# Setup Guide — telegram-voice-transcribe

## Prerequisites

```bash
pip install openai          # Whisper API client
```

## Environment Variables

| Variable | Required | Description |
|---|---|---|
| `OPENAI_API_KEY` | Yes | OpenAI API key (platform.openai.com) |
| `TELEGRAM_BOT_TOKEN` | Only for `--file-id` mode | Bot token from @BotFather |

Add to OpenClaw Gateway environment:
```bash
openclaw configure --section env
# OPENAI_API_KEY=sk-...
# TELEGRAM_BOT_TOKEN=bot123456:ABC...
```

Or export in your shell / `.env` file.

## OpenClaw Telegram Integration

When a user sends a voice message, OpenClaw forwards the raw Telegram update.
The inbound message metadata includes a `voice` or `audio` object with a `file_id`.

### How to wire it up

OpenClaw supports **pre-processing hooks** in `~/openclaw/config/hooks.js` (if available).
Add a voice handler that calls `transcribe.py` before the message reaches the agent:

```js
// hooks.js — example pre-process hook
const { execFileSync } = require('child_process');
const path = require('path');
const SCRIPT = path.resolve(__dirname, '../skills/telegram-voice-transcribe/scripts/transcribe.py');

module.exports = {
  async beforeMessage(msg) {
    const voice = msg.raw?.voice || msg.raw?.audio;
    if (!voice) return msg;                        // not a voice message
    try {
      const out = execFileSync('python3', [SCRIPT, '--file-id', voice.file_id], {
        env: {
          OPENAI_API_KEY: process.env.OPENAI_API_KEY,
          TELEGRAM_BOT_TOKEN: process.env.TELEGRAM_BOT_TOKEN,
          PATH: process.env.PATH,
        },
        timeout: 30_000,
      });
      const { transcript, language, duration_s } = JSON.parse(out);
      // Prepend transcript to message text so the agent sees it
      msg.text = `[🎙 Transcripción (${language}, ${duration_s}s)]: ${transcript}`;
    } catch (e) {
      msg.text = '[Error al transcribir el audio]';
    }
    return msg;
  }
};
```

### Without hooks (manual agent workflow)

If pre-processing hooks are not available, the agent uses this skill reactively:
when it receives a voice message it calls `transcribe.py` itself via `exec`.

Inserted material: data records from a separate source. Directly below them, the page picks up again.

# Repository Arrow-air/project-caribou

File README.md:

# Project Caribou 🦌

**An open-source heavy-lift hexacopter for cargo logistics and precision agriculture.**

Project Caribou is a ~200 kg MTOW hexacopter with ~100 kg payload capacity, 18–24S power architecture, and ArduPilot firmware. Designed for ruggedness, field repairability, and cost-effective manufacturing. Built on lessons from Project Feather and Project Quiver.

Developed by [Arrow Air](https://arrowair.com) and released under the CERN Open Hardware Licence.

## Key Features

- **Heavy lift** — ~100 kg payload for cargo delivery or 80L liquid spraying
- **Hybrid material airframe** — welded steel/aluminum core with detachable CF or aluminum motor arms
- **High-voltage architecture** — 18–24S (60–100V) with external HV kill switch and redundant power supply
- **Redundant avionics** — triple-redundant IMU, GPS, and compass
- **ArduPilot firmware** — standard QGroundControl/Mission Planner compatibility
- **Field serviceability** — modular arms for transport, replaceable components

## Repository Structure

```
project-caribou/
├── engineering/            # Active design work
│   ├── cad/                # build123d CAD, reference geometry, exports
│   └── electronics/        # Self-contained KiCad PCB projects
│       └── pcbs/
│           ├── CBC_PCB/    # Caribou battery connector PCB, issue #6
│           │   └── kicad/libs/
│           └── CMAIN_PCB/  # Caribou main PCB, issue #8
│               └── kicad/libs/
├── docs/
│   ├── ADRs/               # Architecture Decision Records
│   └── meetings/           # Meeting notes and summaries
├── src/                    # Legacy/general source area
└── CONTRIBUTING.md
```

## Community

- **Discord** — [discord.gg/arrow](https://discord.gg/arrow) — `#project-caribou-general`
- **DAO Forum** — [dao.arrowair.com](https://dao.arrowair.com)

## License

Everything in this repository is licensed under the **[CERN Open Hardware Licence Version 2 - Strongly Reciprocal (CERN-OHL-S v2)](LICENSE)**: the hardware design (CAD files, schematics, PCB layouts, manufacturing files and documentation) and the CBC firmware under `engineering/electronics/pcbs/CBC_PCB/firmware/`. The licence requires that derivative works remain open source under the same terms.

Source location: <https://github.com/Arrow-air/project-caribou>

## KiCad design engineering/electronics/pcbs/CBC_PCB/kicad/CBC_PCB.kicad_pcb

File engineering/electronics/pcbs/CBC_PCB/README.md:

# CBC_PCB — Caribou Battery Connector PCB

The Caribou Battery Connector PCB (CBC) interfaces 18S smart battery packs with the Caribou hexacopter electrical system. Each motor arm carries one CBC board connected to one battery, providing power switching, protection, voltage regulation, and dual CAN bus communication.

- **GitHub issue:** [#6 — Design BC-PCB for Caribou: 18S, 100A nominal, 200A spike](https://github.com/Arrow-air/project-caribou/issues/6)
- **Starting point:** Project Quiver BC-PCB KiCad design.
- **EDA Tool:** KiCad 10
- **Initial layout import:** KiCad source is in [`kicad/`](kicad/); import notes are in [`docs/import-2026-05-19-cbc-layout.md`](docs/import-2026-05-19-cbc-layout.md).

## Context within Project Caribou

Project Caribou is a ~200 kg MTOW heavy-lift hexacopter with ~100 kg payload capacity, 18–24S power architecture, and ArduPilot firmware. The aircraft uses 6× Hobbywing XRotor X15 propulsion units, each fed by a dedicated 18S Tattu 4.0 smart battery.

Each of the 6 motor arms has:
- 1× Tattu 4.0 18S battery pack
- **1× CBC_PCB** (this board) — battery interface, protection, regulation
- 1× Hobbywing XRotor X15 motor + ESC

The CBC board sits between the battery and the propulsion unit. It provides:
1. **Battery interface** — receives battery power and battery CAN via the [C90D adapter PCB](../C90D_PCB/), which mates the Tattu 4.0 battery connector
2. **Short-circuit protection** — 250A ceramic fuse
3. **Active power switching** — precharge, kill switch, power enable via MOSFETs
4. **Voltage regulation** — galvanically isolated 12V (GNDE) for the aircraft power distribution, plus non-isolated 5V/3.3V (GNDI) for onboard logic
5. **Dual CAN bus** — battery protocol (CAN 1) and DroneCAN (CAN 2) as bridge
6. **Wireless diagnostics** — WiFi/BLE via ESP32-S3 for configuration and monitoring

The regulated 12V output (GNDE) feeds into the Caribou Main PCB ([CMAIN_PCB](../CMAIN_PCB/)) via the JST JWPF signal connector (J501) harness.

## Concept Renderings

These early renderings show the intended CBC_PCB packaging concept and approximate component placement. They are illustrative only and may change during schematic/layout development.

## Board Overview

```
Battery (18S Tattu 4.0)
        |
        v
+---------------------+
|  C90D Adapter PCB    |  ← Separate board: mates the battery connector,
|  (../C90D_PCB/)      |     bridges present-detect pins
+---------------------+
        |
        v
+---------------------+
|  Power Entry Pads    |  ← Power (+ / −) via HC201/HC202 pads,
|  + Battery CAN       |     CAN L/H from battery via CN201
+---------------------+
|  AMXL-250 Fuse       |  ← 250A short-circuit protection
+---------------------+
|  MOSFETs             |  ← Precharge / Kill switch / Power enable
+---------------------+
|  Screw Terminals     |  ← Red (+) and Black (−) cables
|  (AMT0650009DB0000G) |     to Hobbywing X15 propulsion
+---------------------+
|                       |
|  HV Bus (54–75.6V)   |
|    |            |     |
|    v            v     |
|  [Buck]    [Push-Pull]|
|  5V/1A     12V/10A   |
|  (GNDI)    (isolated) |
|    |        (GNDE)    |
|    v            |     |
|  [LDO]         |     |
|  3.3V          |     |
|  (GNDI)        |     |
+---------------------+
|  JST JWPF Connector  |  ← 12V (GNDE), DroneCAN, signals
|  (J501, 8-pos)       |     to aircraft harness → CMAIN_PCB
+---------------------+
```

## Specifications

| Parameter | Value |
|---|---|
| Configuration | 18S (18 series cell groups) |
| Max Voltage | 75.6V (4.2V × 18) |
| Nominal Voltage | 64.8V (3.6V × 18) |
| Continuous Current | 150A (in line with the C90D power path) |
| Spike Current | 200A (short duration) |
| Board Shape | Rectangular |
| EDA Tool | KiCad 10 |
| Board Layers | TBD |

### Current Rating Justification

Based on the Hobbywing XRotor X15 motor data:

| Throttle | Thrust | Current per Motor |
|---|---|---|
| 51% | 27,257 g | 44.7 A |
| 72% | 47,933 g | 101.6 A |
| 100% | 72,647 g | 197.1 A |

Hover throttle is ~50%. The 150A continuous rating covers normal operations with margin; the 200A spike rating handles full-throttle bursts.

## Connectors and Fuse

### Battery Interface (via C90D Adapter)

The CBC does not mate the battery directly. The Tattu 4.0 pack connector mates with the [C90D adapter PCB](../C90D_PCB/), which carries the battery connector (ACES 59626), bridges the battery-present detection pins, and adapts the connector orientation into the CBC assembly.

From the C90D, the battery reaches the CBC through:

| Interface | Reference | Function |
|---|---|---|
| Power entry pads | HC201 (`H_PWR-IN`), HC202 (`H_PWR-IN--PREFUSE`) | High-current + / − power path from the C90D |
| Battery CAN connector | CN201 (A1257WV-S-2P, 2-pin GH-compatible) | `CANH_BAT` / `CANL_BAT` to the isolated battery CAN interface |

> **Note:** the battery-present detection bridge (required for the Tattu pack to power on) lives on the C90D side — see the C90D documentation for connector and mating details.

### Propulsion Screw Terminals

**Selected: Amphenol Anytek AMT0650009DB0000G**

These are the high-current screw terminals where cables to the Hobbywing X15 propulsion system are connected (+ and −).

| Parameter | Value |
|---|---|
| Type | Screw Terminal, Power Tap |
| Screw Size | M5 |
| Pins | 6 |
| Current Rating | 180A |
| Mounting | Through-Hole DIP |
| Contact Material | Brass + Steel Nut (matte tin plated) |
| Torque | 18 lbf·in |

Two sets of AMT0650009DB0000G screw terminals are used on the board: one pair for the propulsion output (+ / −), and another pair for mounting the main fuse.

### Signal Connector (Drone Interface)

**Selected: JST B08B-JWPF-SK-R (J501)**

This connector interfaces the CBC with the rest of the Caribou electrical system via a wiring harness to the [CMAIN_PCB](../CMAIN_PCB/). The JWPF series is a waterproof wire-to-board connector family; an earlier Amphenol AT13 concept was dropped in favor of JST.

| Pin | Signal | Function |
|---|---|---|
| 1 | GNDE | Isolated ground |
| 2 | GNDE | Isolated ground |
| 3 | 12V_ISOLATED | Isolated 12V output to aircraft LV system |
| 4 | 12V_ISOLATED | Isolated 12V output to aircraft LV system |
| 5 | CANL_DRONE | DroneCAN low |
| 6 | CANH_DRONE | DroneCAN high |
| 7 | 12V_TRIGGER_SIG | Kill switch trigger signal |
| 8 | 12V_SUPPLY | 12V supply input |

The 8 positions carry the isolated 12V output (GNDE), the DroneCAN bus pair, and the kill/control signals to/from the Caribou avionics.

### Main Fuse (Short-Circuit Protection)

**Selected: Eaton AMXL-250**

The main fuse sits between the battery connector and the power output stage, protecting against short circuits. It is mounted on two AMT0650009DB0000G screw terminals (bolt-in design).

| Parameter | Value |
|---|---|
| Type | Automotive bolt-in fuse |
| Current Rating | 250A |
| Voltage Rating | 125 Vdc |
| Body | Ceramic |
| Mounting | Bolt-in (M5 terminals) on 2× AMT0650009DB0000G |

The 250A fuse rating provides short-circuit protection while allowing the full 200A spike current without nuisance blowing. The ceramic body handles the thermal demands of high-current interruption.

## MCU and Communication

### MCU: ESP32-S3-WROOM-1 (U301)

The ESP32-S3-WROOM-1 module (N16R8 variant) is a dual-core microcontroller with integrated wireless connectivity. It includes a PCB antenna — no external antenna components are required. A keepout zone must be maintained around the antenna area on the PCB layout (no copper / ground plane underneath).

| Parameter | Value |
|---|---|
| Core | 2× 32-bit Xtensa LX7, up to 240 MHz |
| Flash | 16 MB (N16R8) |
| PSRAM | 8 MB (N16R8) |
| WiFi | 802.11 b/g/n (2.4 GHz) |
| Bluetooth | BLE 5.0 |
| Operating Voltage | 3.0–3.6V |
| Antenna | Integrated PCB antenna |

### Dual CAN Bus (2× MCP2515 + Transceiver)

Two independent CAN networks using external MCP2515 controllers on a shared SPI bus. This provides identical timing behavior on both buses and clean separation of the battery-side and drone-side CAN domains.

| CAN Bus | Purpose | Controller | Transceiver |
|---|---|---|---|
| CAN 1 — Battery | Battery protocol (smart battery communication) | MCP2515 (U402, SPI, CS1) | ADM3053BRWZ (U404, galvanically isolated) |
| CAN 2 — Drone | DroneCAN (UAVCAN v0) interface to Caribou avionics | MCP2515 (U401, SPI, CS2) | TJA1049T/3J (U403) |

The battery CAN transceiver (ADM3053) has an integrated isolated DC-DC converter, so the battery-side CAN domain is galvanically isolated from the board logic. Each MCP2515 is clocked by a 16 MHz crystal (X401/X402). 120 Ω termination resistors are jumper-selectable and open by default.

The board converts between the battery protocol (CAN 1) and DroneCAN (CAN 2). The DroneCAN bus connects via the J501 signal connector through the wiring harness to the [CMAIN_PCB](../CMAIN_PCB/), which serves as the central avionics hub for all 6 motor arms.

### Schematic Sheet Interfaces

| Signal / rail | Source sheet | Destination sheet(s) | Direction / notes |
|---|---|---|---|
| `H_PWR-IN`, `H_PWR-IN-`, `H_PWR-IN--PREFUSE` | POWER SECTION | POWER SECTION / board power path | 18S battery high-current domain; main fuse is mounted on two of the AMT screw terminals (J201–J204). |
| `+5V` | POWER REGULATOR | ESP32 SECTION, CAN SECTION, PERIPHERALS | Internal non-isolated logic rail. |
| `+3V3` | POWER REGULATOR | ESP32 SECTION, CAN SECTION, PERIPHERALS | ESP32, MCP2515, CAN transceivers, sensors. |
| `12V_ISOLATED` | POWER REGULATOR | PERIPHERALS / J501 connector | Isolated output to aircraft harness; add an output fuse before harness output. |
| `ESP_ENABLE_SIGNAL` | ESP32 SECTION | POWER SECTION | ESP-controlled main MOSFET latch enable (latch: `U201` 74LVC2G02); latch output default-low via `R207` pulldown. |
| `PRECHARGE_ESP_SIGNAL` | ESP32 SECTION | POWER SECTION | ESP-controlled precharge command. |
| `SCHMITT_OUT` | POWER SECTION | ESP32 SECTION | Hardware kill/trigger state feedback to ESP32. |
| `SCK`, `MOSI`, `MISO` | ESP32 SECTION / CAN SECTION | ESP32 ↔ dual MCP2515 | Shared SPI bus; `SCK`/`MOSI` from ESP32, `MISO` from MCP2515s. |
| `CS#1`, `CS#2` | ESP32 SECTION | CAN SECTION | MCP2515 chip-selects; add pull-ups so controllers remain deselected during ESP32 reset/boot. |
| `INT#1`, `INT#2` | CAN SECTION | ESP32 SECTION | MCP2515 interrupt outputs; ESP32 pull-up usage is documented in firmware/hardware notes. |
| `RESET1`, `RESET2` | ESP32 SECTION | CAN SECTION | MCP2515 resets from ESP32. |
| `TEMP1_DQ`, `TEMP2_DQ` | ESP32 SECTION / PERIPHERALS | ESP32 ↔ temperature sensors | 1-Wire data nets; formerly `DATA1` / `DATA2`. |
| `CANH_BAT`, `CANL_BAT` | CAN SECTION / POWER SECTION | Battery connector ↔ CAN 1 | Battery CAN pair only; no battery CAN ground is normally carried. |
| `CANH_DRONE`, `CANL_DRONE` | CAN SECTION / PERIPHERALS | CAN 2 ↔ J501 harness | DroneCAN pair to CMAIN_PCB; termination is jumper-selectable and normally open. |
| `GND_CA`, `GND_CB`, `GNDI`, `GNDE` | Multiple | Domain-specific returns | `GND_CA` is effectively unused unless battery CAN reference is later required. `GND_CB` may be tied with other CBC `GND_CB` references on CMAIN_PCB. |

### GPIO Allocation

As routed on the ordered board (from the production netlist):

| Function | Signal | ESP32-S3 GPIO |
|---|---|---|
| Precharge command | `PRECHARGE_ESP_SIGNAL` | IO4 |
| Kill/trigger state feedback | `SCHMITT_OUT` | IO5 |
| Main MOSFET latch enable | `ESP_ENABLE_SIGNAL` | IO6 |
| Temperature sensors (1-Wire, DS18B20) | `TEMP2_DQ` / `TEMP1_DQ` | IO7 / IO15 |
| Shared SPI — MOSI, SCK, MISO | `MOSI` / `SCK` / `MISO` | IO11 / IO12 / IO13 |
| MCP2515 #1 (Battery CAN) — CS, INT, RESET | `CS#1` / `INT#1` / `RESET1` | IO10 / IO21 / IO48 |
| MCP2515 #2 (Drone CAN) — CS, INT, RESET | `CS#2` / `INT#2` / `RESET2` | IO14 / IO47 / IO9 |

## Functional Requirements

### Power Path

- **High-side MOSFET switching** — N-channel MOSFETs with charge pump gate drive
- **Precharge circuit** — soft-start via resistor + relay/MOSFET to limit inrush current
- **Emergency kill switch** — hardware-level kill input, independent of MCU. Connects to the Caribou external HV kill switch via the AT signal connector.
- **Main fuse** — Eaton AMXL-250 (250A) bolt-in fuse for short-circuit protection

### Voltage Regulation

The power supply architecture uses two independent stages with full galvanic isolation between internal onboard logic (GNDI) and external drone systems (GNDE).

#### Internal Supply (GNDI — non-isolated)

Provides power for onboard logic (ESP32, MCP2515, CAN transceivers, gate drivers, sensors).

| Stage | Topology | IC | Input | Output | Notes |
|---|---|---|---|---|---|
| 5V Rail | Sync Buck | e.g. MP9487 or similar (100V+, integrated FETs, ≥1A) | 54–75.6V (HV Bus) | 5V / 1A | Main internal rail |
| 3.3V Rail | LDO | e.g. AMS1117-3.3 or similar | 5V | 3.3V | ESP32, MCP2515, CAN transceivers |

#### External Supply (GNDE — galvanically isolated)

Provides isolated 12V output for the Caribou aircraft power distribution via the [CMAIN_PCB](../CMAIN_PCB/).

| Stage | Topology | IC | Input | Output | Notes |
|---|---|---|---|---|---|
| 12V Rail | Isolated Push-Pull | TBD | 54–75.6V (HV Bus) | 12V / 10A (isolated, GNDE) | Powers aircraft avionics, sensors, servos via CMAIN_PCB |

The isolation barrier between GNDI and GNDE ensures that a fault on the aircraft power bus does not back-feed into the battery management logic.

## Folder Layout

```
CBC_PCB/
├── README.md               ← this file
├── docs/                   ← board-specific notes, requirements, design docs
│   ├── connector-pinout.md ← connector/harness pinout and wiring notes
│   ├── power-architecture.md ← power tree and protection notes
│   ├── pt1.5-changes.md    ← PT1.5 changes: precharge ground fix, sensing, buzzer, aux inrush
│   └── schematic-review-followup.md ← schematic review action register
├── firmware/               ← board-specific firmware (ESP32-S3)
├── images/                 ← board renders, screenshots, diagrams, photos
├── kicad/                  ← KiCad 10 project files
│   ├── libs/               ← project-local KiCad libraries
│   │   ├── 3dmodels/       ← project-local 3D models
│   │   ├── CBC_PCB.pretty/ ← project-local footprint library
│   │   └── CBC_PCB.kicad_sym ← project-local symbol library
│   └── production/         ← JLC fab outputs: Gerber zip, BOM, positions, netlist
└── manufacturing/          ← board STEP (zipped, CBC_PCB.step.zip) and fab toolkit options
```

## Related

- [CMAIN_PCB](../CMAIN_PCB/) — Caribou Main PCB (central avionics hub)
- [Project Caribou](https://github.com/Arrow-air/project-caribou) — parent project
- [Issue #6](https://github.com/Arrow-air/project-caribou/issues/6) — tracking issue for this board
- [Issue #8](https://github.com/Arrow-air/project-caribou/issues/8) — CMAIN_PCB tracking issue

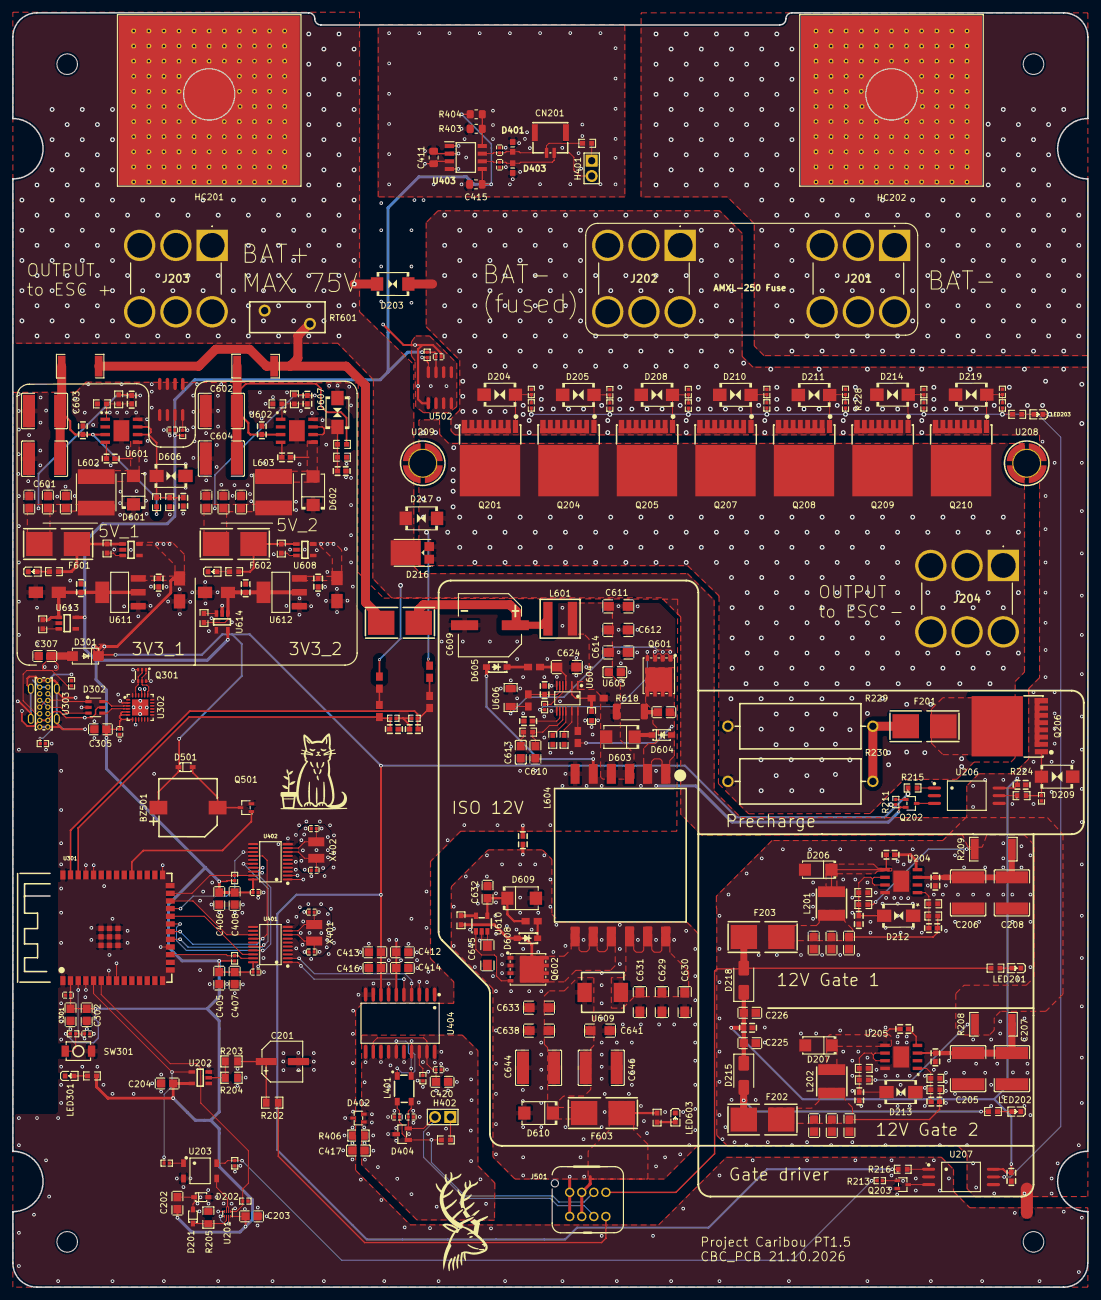
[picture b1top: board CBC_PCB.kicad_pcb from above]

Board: 6 copper layers, 178.0 x 211.0 mm, 317 parts (0 on the bottom side), 159 nets.

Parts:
BZ501: GSD9605YB-5V2800; BUZ-SMD_GSD9605YB-5V2800
C201: 100uF; CAP-SMD_BD6.3-L6.6-W6.6-LS7.4-FD
C202, C632: 1uF; C0805
C203, C204, C302, C305, C307, C407, C408, C414, C416, C420: 10uF; C0805
C205, C206, C207, C208, C601, C602, C603, C604, C644, C646: 2.2uF; C2220
C209, C210, C211, C212, C213, C214, C215, C216, C223, C224, C227, C228, C229, C605, C606, C607, C608, C616, C617, C626, C627, C634, C635, C639, C640: 100nF; C0603
C217, C218, C219, C220, C221, C222, C225, C226, C301, C405, C406, C412, C413, C618, C619, C620, C621, C622, C623: 4.7uF; C0805
C303: 1uF; C0402
C304, C306, C409, C410, C421, C501, C502: 100nF; C0402
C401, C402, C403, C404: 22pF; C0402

The agent needs the `file_id` from the inbound message metadata — this is available
in the `[System Message]` context when the Telegram channel is configured.

## Script Usage Examples

```bash
# Transcribe by Telegram file_id
python3 transcribe.py --file-id BQACAgIAAx...

# Transcribe local file
python3 transcribe.py --file recording.ogg

# Force Spanish language (faster + more accurate for ES)
python3 transcribe.py --file-id BQACAgI... --language es

# Output
# {"transcript": "Hola, qué tal va el juego?", "language": "es", "duration_s": 3.1}
```

## Costs (OpenAI Whisper API)

- **$0.006 / minute** of audio
- A typical 10-second voice note ≈ $0.001
- 100 voice notes/day of ~15s each ≈ $0.15/day

## Local Whisper (Free Alternative)

Replace the OpenAI call in `transcribe.py` with:

```python
import whisper
model = whisper.load_model("small")   # or "base", "medium", "large"
result = model.transcribe(audio_path, language=language)
return {"transcript": result["text"].strip(), "language": result["language"], "duration_s": 0}
```

Install: `pip install openai-whisper torch`
Note: Requires ~1-2GB RAM for `small` model; GPU optional but speeds things up.